# Spotted at Port - NB Special Edition BRONZE



## MoreA4 (Mar 15, 2002)

I spotted these Bronze NB's today at the Port in San Diego. There were a few of them intermixed in the thousands of VW's there. I have not heard anything about this edition...has anybody? It is not a Final Edition derivitive as it does not have the FE fender badges (there were several Final Edition Sedans there). These cars were in line to be onloaded onto over the road transporters should will end up somewhere down this way. Good looking. I can alomst enlarge to read the MSRP, but not quite.


----------



## eunos94 (Mar 17, 2002)

*FV-QR*

I'll take 'Jetta TDi Sportwagen' for $1000, Alex.


----------



## pdoel (Mar 14, 2001)

*Re: FV-QR (eunos94)*

I LOVE that color. Definitely my favorite limited color in a long time!


----------



## SMG8vT (Oct 8, 2004)

*Re: FV-QR (pdoel)*

Dung Beetles!


----------



## eunos94 (Mar 17, 2002)

*FV-QR*

It's the "Winter Olympic Edition New Beetle". W.O.E or Woe for short.

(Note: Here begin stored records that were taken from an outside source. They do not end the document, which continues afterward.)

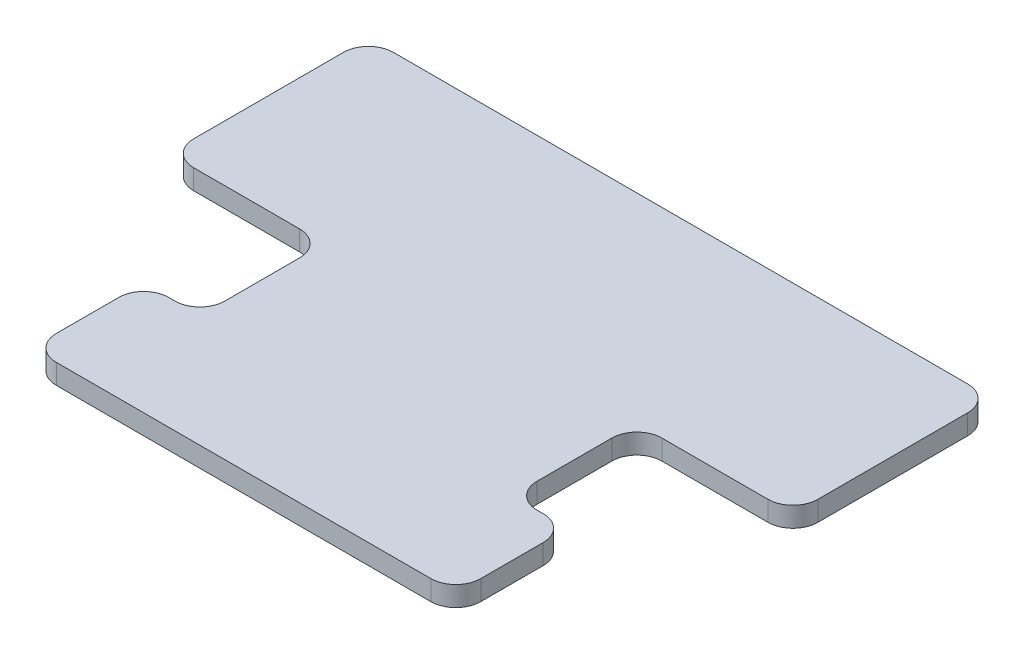
ISO-10303-21;
HEADER;
FILE_DESCRIPTION(('STEP AP214'),'2;1');
FILE_NAME('part.step','',(''),(''),'','','');
FILE_SCHEMA(('AUTOMOTIVE_DESIGN { 1 0 10303 214 1 1 1 1 }'));
ENDSEC;
DATA;
#1=APPLICATION_CONTEXT('core data for automotive mechanical design processes');
#2=APPLICATION_PROTOCOL_DEFINITION('international standard','automotive_design',2000,#1);
#3=PRODUCT_CONTEXT('',#1,'mechanical');
#4=PRODUCT('Part','Part','',(#3));
#5=PRODUCT_RELATED_PRODUCT_CATEGORY('part','',(#4));
#6=PRODUCT_DEFINITION_FORMATION('','',#4);
#7=PRODUCT_DEFINITION_CONTEXT('part definition',#1,'design');
#8=PRODUCT_DEFINITION('design','',#6,#7);
#9=PRODUCT_DEFINITION_SHAPE('','',#8);
#10=(LENGTH_UNIT() NAMED_UNIT(*) SI_UNIT(.MILLI.,.METRE.));
#11=(NAMED_UNIT(*) PLANE_ANGLE_UNIT() SI_UNIT($,.RADIAN.));
#12=(NAMED_UNIT(*) SI_UNIT($,.STERADIAN.) SOLID_ANGLE_UNIT());
#13=UNCERTAINTY_MEASURE_WITH_UNIT(LENGTH_MEASURE(1.E-05),#10,'distance_accuracy_value','');
#14=(GEOMETRIC_REPRESENTATION_CONTEXT(3) GLOBAL_UNCERTAINTY_ASSIGNED_CONTEXT((#13)) GLOBAL_UNIT_ASSIGNED_CONTEXT((#10,
#11,#12)) REPRESENTATION_CONTEXT('',''));
#15=CARTESIAN_POINT('',(0.,0.,0.));
#16=DIRECTION('',(0.,0.,1.));
#17=DIRECTION('',(1.,0.,0.));
#18=AXIS2_PLACEMENT_3D('',#15,#16,#17);
#19=CARTESIAN_POINT('',(-23.,1.6,-1.97350532717822));
#20=DIRECTION('',(0.,-1.,0.));
#21=DIRECTION('',(0.,0.,-1.));
#22=AXIS2_PLACEMENT_3D('',#19,#20,#21);
#23=CYLINDRICAL_SURFACE('',#22,2.);
#24=CARTESIAN_POINT('',(-23.,0.,-1.97350532717822));
#25=DIRECTION('',(0.,1.,0.));
#26=DIRECTION('',(0.,0.,1.));
#27=AXIS2_PLACEMENT_3D('',#24,#25,#26);
#28=CIRCLE('',#27,2.);
#29=CARTESIAN_POINT('',(-25.,0.,-1.97350532717822));
#30=VERTEX_POINT('',#29);
#31=CARTESIAN_POINT('',(-23.,0.,0.0264946728217795));
#32=VERTEX_POINT('',#31);
#33=EDGE_CURVE('E239',#30,#32,#28,.T.);
#34=ORIENTED_EDGE('',*,*,#33,.T.);
#35=DIRECTION('',(0.,-1.,0.));
#36=VECTOR('',#35,1.);
#37=CARTESIAN_POINT('',(-23.,1.6,0.0264946728217795));
#38=LINE('',#37,#36);
#39=CARTESIAN_POINT('',(-23.,1.6,0.0264946728217795));
#40=VERTEX_POINT('',#39);
#41=EDGE_CURVE('E11',#40,#32,#38,.T.);
#42=ORIENTED_EDGE('',*,*,#41,.F.);
#43=CARTESIAN_POINT('',(-23.,1.6,-1.97350532717822));
#44=DIRECTION('',(0.,1.,0.));
#45=DIRECTION('',(0.,0.,1.));
#46=AXIS2_PLACEMENT_3D('',#43,#44,#45);
#47=CIRCLE('',#46,2.);
#48=CARTESIAN_POINT('',(-25.,1.6,-1.97350532717822));
#49=VERTEX_POINT('',#48);
#50=EDGE_CURVE('E320',#49,#40,#47,.T.);
#51=ORIENTED_EDGE('',*,*,#50,.F.);
#52=DIRECTION('',(0.,-1.,0.));
#53=VECTOR('',#52,1.);
#54=CARTESIAN_POINT('',(-25.,1.6,-1.97350532717822));
#55=LINE('',#54,#53);
#56=EDGE_CURVE('E238',#49,#30,#55,.T.);
#57=ORIENTED_EDGE('',*,*,#56,.T.);
#58=EDGE_LOOP('',(#34,#42,#51,#57));
#59=FACE_BOUND('',#58,.T.);
#60=ADVANCED_FACE('F37',(#59),#23,.T.);
#61=CARTESIAN_POINT('',(-23.,1.6,0.0264946728217795));
#62=DIRECTION('',(0.,0.,-1.));
#63=DIRECTION('',(-1.,0.,0.));
#64=AXIS2_PLACEMENT_3D('',#61,#62,#63);
#65=PLANE('',#64);
#66=DIRECTION('',(1.,0.,0.));
#67=VECTOR('',#66,1.);
#68=CARTESIAN_POINT('',(-23.,0.,0.0264946728217795));
#69=LINE('',#68,#67);
#70=CARTESIAN_POINT('',(-14.5,0.,0.0264946728217793));
#71=VERTEX_POINT('',#70);
#72=EDGE_CURVE('E243',#32,#71,#69,.T.);
#73=ORIENTED_EDGE('',*,*,#72,.T.);
#74=DIRECTION('',(0.,-1.,0.));
#75=VECTOR('',#74,1.);
#76=CARTESIAN_POINT('',(-14.5,1.6,0.0264946728217793));
#77=LINE('',#76,#75);
#78=CARTESIAN_POINT('',(-14.5,1.6,0.0264946728217793));
#79=VERTEX_POINT('',#78);
#80=EDGE_CURVE('E46',#79,#71,#77,.T.);
#81=ORIENTED_EDGE('',*,*,#80,.F.);
#82=DIRECTION('',(1.,0.,0.));
#83=VECTOR('',#82,1.);
#84=CARTESIAN_POINT('',(-23.,1.6,0.0264946728217795));
#85=LINE('',#84,#83);
#86=EDGE_CURVE('E144',#40,#79,#85,.T.);
#87=ORIENTED_EDGE('',*,*,#86,.F.);
#88=ORIENTED_EDGE('',*,*,#41,.T.);
#89=EDGE_LOOP('',(#73,#81,#87,#88));
#90=FACE_BOUND('',#89,.T.);
#91=ADVANCED_FACE('F487',(#90),#65,.F.);
#92=CARTESIAN_POINT('',(-14.5,1.6,2.02649467282178));
#93=DIRECTION('',(0.,-1.,0.));
#94=DIRECTION('',(0.,0.,-1.));
#95=AXIS2_PLACEMENT_3D('',#92,#93,#94);
#96=CYLINDRICAL_SURFACE('',#95,2.);
#97=CARTESIAN_POINT('',(-14.5,0.,2.02649467282178));
#98=DIRECTION('',(0.,-1.,0.));
#99=DIRECTION('',(0.,0.,-1.));
#100=AXIS2_PLACEMENT_3D('',#97,#98,#99);
#101=CIRCLE('',#100,2.);
#102=CARTESIAN_POINT('',(-12.5,0.,2.02649467282178));
#103=VERTEX_POINT('',#102);
#104=EDGE_CURVE('E245',#71,#103,#101,.T.);
#105=ORIENTED_EDGE('',*,*,#104,.T.);
#106=DIRECTION('',(0.,-1.,0.));
#107=VECTOR('',#106,1.);
#108=CARTESIAN_POINT('',(-12.5,1.6,2.02649467282178));
#109=LINE('',#108,#107);
#110=CARTESIAN_POINT('',(-12.5,1.6,2.02649467282178));
#111=VERTEX_POINT('',#110);
#112=EDGE_CURVE('E384',#111,#103,#109,.T.);
#113=ORIENTED_EDGE('',*,*,#112,.F.);
#114=CARTESIAN_POINT('',(-14.5,1.6,2.02649467282178));
#115=DIRECTION('',(0.,-1.,0.));
#116=DIRECTION('',(0.,0.,-1.));
#117=AXIS2_PLACEMENT_3D('',#114,#115,#116);
#118=CIRCLE('',#117,2.);
#119=EDGE_CURVE('E395',#79,#111,#118,.T.);
#120=ORIENTED_EDGE('',*,*,#119,.F.);
#121=ORIENTED_EDGE('',*,*,#80,.T.);
#122=EDGE_LOOP('',(#105,#113,#120,#121));
#123=FACE_BOUND('',#122,.T.);
#124=ADVANCED_FACE('F393',(#123),#96,.F.);
#125=CARTESIAN_POINT('',(-12.5,1.6,2.02649467282178));
#126=DIRECTION('',(1.,0.,0.));
#127=DIRECTION('',(0.,0.,-1.));
#128=AXIS2_PLACEMENT_3D('',#125,#126,#127);
#129=PLANE('',#128);
#130=DIRECTION('',(0.,0.,1.));
#131=VECTOR('',#130,1.);
#132=CARTESIAN_POINT('',(-12.5,0.,2.02649467282178));
#133=LINE('',#132,#131);
#134=CARTESIAN_POINT('',(-12.5,0.,8.02649467282177));
#135=VERTEX_POINT('',#134);
#136=EDGE_CURVE('E248',#103,#135,#133,.T.);
#137=ORIENTED_EDGE('',*,*,#136,.T.);
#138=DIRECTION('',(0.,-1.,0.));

Let's use that in a sentance shall we?
Woe is NB, WE GOT BRONZE!!!!










_Modified by eunos94 at 3:21 PM 2-6-2010_


----------



## silverspeedbuggy (Aug 8, 2001)

*Re: Spotted at Port - NB Special Edition BRONZE (MoreA4)*

That's a special edition in "Red Rock Orange." I saw it in Detroit this past Jan. It's the car on the second floor of the VW display that was used for CARaoke. It's a slick color; more orange than red, and it's not metallic.
It does have a black roof though!


----------



## TJClover (Feb 10, 2007)

*Re: Spotted at Port - NB Special Edition BRONZE (silverspeedbuggy)*

Do we know what kind of motor???!!!


----------



## silverspeedbuggy (Aug 8, 2001)

*Re: Spotted at Port - NB Special Edition BRONZE (TJClover)*

2.5L 150HP. Were you expecting anything different?


----------



## MoreA4 (Mar 15, 2002)

*Re: Spotted at Port - NB Special Edition BRONZE (silverspeedbuggy)*


_Quote, originally posted by *silverspeedbuggy* »_That's a special edition in "Red Rock Orange." I saw it in Detroit this past Jan. It's the car on the second floor of the VW display that was used for CARaoke. It's a slick color; more orange than red, and it's not metallic.
It does have a black roof though! 

Interesting info. Do you think then that these are just promo cars or an actual special edition? There were only four of these in the entire port of about 600 NB's waiting transport and I can not find anything about them anywhere. It could be a nice car to pick up as it might be more rare/exclusive than the Final edition. I bought one of the first 98's when they came out and this would be fun to follow up with on the backside.
Thanks for the info.


----------



## silverspeedbuggy (Aug 8, 2001)

*Re: Spotted at Port - NB Special Edition BRONZE (MoreA4)*

The signage at the Detroit Auto Show listed it as a special edition, and the reps told me it was a production model, so its more than a promo model. VW is slow to release info, so I wouldn't be surprised if these hit dealers before there's anything on their website.
The only thing I can't remember is the actual name of the package. In fact, I think the correct name of the color is "Rock Red" or just "Red Rock" (there was no 'orange' in the name) and the reps all commented that it was more orange than red.


----------



## mkaresh (Oct 26, 2005)

*Re: Spotted at Port - NB Special Edition BRONZE (silverspeedbuggy)*


_Quote, originally posted by *silverspeedbuggy* »_That's a special edition in "Red Rock Orange." I saw it in Detroit this past Jan. It's the car on the second floor of the VW display that was used for CARaoke. It's a slick color; more orange than red, and it's not metallic.
It does have a black roof though! 

I don't recall this car from the media days. They might have only had it there for the public show. 
Not metallic? That is different.


----------



## TJClover (Feb 10, 2007)

*Re: Spotted at Port - NB Special Edition BRONZE (silverspeedbuggy)*


_Quote, originally posted by *silverspeedbuggy* »_2.5L 150HP. Were you expecting anything different?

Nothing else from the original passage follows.